Now if you look at the definition of [manual]table.sort[/manual]

table.sort (table, comp)

Sorts table elements in a given order, in-place, from table[1] to table[n], where n is the length of the table. If comp is given, then it must be a function that receives two table elements, and returns true when the first is less than the second (so that not comp(a[i+1],a) will be true after the sort)...

So this tells us that table sort, sorts an array like table, and if a comp function is specified it uses that to perform the comparison.

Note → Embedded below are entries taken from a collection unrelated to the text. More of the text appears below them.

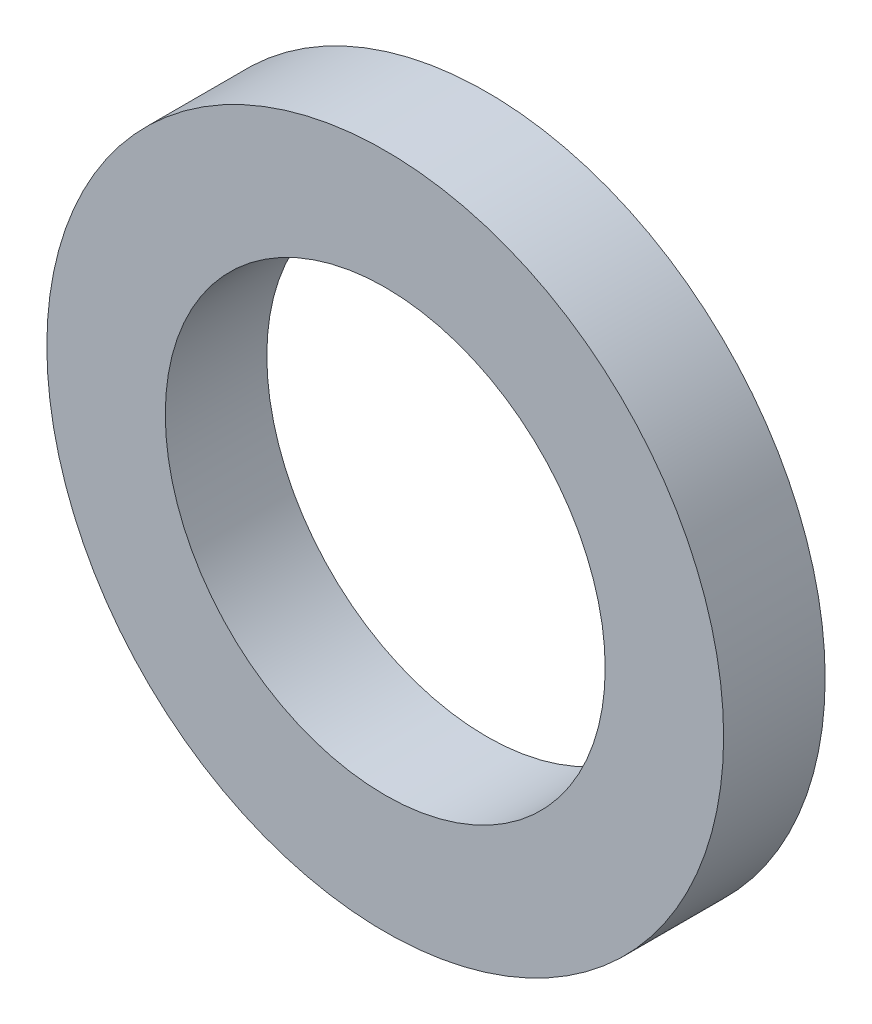
from build123d import *

# Parameters (mm, degrees)
SKETCH_1_R      = 10
SKETCH_1_R_2    = 6.5
EXTRUDE_1_DEPTH = 3


with BuildPart() as part:
    # 草图1 → 凸台-拉伸1 (new body)
    with BuildSketch(Plane.XY):
        Circle(SKETCH_1_R)
        Circle(SKETCH_1_R_2, mode=Mode.SUBTRACT)
    extrude(amount=EXTRUDE_1_DEPTH)


solid = part.part
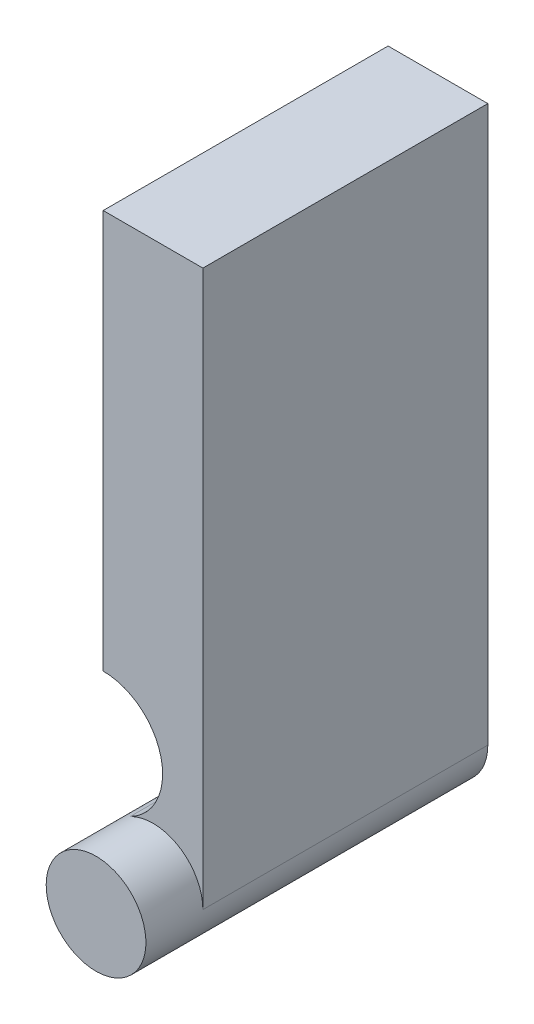
from build123d import *

# Parameters (mm, degrees)
DODANIE_WYCI_GNI_CIE1_DEPTH = 10
SZKIC2_R                    = 1.75
DODANIE_WYCI_GNI_CIE2_DEPTH = 12


with BuildPart() as part:
    # Szkic1 → Dodanie-wyciągnięcie1 (new body)
    with BuildSketch(Plane.XY):
        with BuildLine():
            Line((1.75, 0), (1.75, 19.5))
            Line((1.75, 19.5), (-1.75, 19.5))
            Line((-1.75, 19.5), (-1.75, 5.5))
            ThreePointArc((-1.75, 5.5), (0.277964608, 3.903301802), (-0.798314607, 1.557303371))
            ThreePointArc((-0.798314607, 1.557303371), (-0.912537517, -1.493243209), (1.75, 0))
        make_face()
    extrude(amount=DODANIE_WYCI_GNI_CIE1_DEPTH)

    # Szkic2 → Dodanie-wyciągnięcie2 (add)
    with BuildSketch(Plane(origin=(0, 0, 0), x_dir=(-1, 0, 0), z_dir=(0, 0, -1))):
        Circle(SZKIC2_R)
    extrude(amount=-DODANIE_WYCI_GNI_CIE2_DEPTH)


solid = part.part
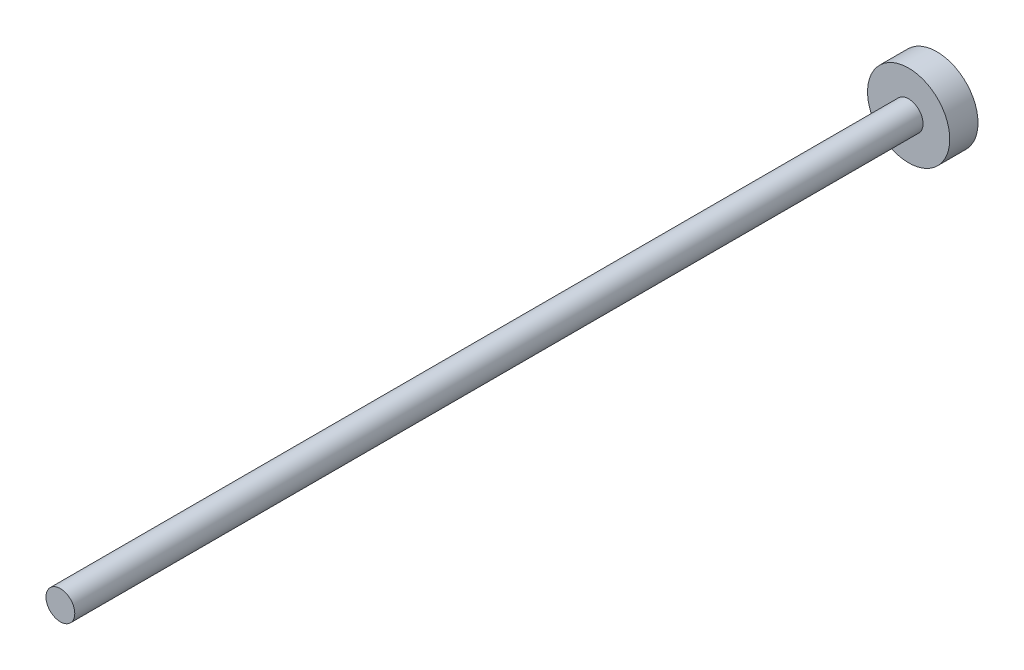
from build123d import *

# Parameters (mm, degrees)
SKETCH1_R           = 4.65
BOSS_EXTRUDE1_DEPTH = 3.2
SKETCH2_R           = 1.63
BOSS_EXTRUDE2_DEPTH = 96


with BuildPart() as part:
    # Sketch1 → Boss-Extrude1 (new body)
    with BuildSketch(Plane.XY):
        Circle(SKETCH1_R)
    extrude(amount=BOSS_EXTRUDE1_DEPTH)

    # Sketch2 → Boss-Extrude2 (add)
    with BuildSketch(Plane.XY.offset(3.2)):
        Circle(SKETCH2_R)
    extrude(amount=BOSS_EXTRUDE2_DEPTH)


solid = part.part
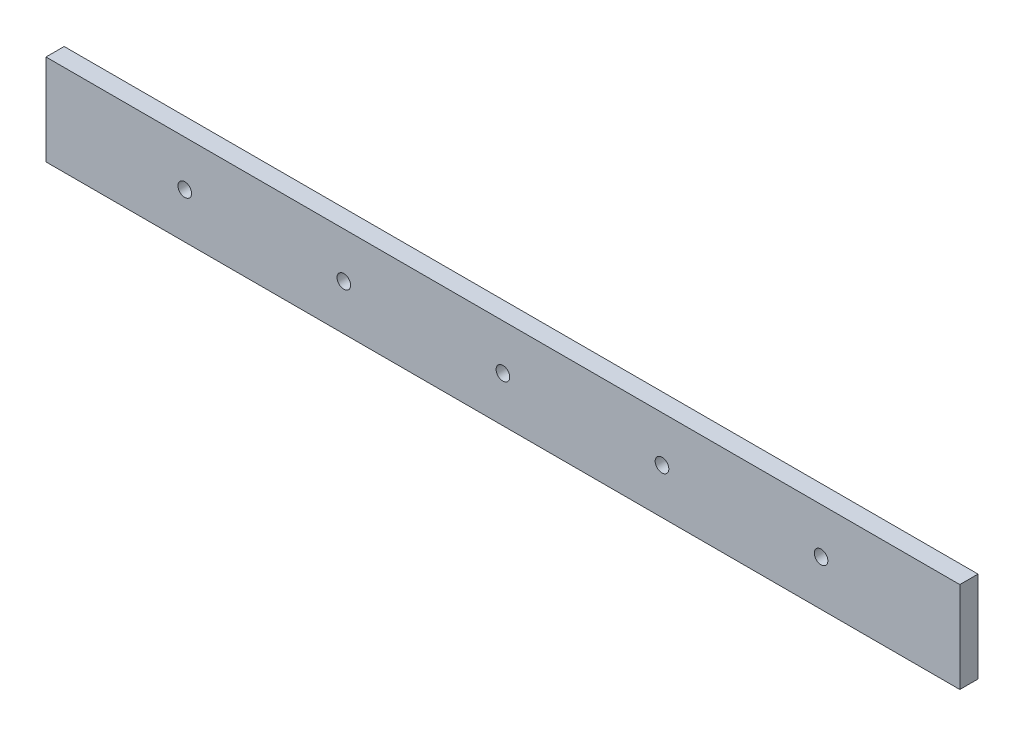
from build123d import *

# Parameters (mm, degrees)
SKETCH1_W               = 201.06
SKETCH1_H               = 4
BOSS_EXTRUDE1_DEPTH     = 20
SKETCH2_R               = 1.5
CUT_EXTRUDE1_DEPTH      = 1
CUT_EXTRUDE1_DEPTH_BACK = 5


with BuildPart() as part:
    # Sketch1 → Boss-Extrude1 (new body)
    with BuildSketch(Plane(origin=(0, 0, 0), x_dir=(1, 0, 0), z_dir=(0, 1, 0))):
        Rectangle(SKETCH1_W, SKETCH1_H)
    extrude(amount=BOSS_EXTRUDE1_DEPTH)

    # Sketch2 → Cut-Extrude1 (cut, two sides)
    with BuildSketch(Plane.XY.offset(2)) as cut_extrude1_sk:
        with Locations((-70, 10)):
            Circle(SKETCH2_R)
        with Locations((-35, 10)):
            Circle(SKETCH2_R)
        with Locations((0, 10)):
            Circle(SKETCH2_R)
        with Locations((35, 10)):
            Circle(SKETCH2_R)
        with Locations((70, 10)):
            Circle(SKETCH2_R)
    extrude(amount=CUT_EXTRUDE1_DEPTH, mode=Mode.SUBTRACT)
    extrude(cut_extrude1_sk.sketch, amount=-CUT_EXTRUDE1_DEPTH_BACK, mode=Mode.SUBTRACT)


solid = part.part
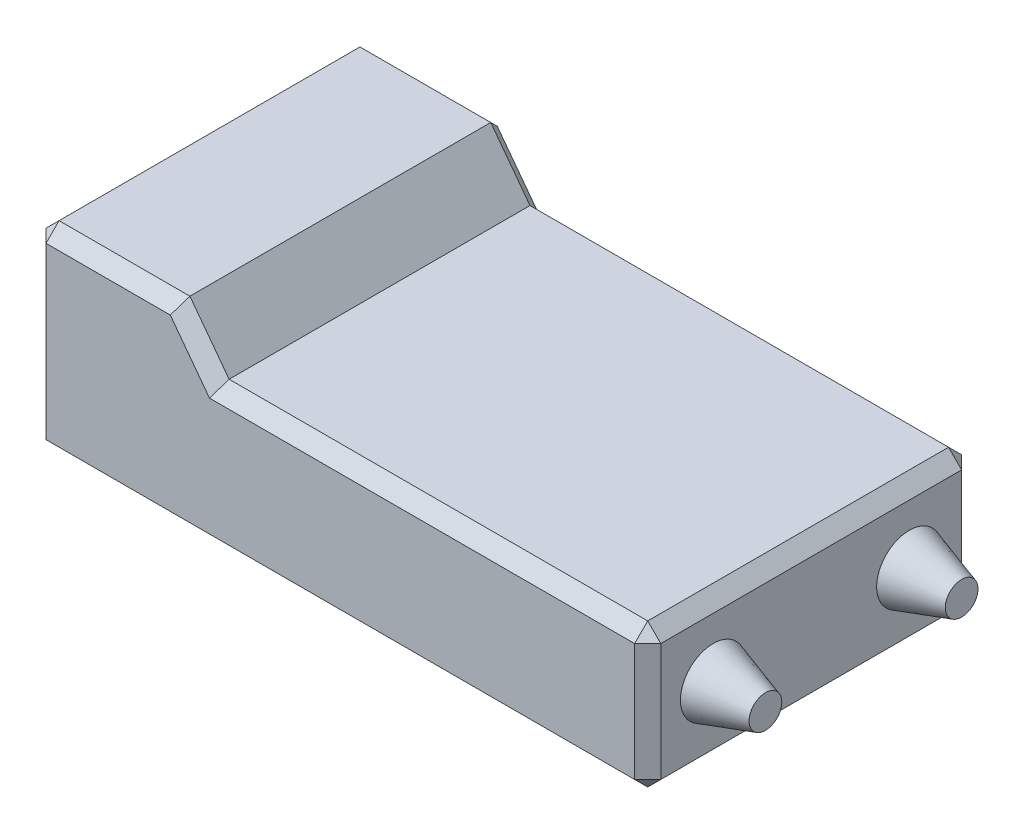
from build123d import *

# Parameters (mm, degrees)
SKETCH2_W            = 47
SKETCH2_H            = 25
BOSS_EXTRUDE1_DEPTH  = 11
BOSS_EXTRUDE2_DEPTH  = 25
SKETCH4_W            = 21
SKETCH4_H            = 11
CUT_EXTRUDE1_DEPTH   = 5
SKETCH5_R            = 2.5
SKETCH6_R            = 1.25
CHAMFER1_SIZE        = 1
SKETCH7_W            = 0.855148952
SKETCH7_H            = 0.908595762
BOSS_EXTRUDE3_DEPTH  = 5
LPATTERN1_COUNT      = 7
LPATTERN1_PITCH      = 2.833333333
LPATTERN1_COUNT_DIR2 = 3
LPATTERN1_PITCH_DIR2 = 3.5


with BuildPart() as part:
    # Sketch2 → Boss-Extrude1 (new body)
    with BuildSketch(Plane(origin=(0, 0, 0), x_dir=(1, 0, 0), z_dir=(0, 1, 0))):
        Rectangle(SKETCH2_W, SKETCH2_H)
    extrude(amount=BOSS_EXTRUDE1_DEPTH)

    # Sketch3 → Boss-Extrude2 (add)
    with BuildSketch(Plane.XY.offset(12.5)):
        Polygon((-23.5, 11), (-9.5, 11), (-12.5, 15), (-23.5, 15), align=None)
    extrude(amount=-BOSS_EXTRUDE2_DEPTH)

    # Sketch4 → Cut-Extrude1 (cut)
    with BuildSketch(Plane.ZY.offset(23.5)):
        with Locations((0, 7.5)):
            Rectangle(SKETCH4_W, SKETCH4_H)
    extrude(amount=-CUT_EXTRUDE1_DEPTH, mode=Mode.SUBTRACT)

    # Sketch5 → Loft1 section 0
    with BuildSketch(Plane(origin=(23.5, 0, 0), x_dir=(0, 0, -1), z_dir=(1, 0, 0))):
        with Locations((-7.5, 5.5)):
            Circle(SKETCH5_R)
    # Sketch6 → Loft1 section 1
    with BuildSketch(Plane(origin=(27.5, 0, 0), x_dir=(0, 0, -1), z_dir=(1, 0, 0))):
        with Locations((-7.5, 5.5)):
            Circle(SKETCH6_R)
    loft1 = loft()

    # Mirror1: Loft1 across plane
    add(loft1.mirror(Plane.XY))

    # Chamfer1
    chamfer1_edges = [part.edges().sort_by_distance(p)[0] for p in [
        (7, 11, 12.5),
        (-23.5, 15, 0),
        (-11, 13, 12.5),
        (-18, 15, 12.5),
        (-18, 15, -12.5),
        (-11, 13, -12.5),
        (23.5, 11, 0),
        (0, 0, 12.5),
        (-23.5, 0, 0),
        (0, 0, -12.5),
        (23.5, 0, 0),
        (23.5, 5.5, 12.5),
        (-23.5, 7.5, 12.5),
        (-23.5, 7.5, -12.5),
        (23.5, 5.5, -12.5),
        (7, 11, -12.5),
    ]]
    chamfer(chamfer1_edges, length=CHAMFER1_SIZE)

    # Sketch7 → Boss-Extrude3 (add)
    with BuildSketch(Plane.ZY.offset(18.5)):
        with Locations((-8.5, 4)):
            Rectangle(SKETCH7_W, SKETCH7_H)
    boss_extrude3 = extrude(amount=BOSS_EXTRUDE3_DEPTH)

    # LPattern1: Boss-Extrude3 7 × 3
    with Locations(*[(0, j * LPATTERN1_PITCH_DIR2, i * LPATTERN1_PITCH) for i in range(LPATTERN1_COUNT) for j in range(LPATTERN1_COUNT_DIR2) if (i, j) != (0, 0)]):
        add(boss_extrude3)


solid = part.part

This comp function is called with two arguments, those two arguments are elements from the original table, if the function returns true then the second element is "bigger" than the other (I use quotes because bigger is ambiguouse, you may be sorting backwards)

Well so now we know how to sort an array, your array is an array of tables, so when you sort that array, the comp function is called with two arguments as I said before, and those two arguments are elements of the array, so basically they are one of those tables you stored in the array! and as I said before, this are references so we can index them the same as we would do with the original table.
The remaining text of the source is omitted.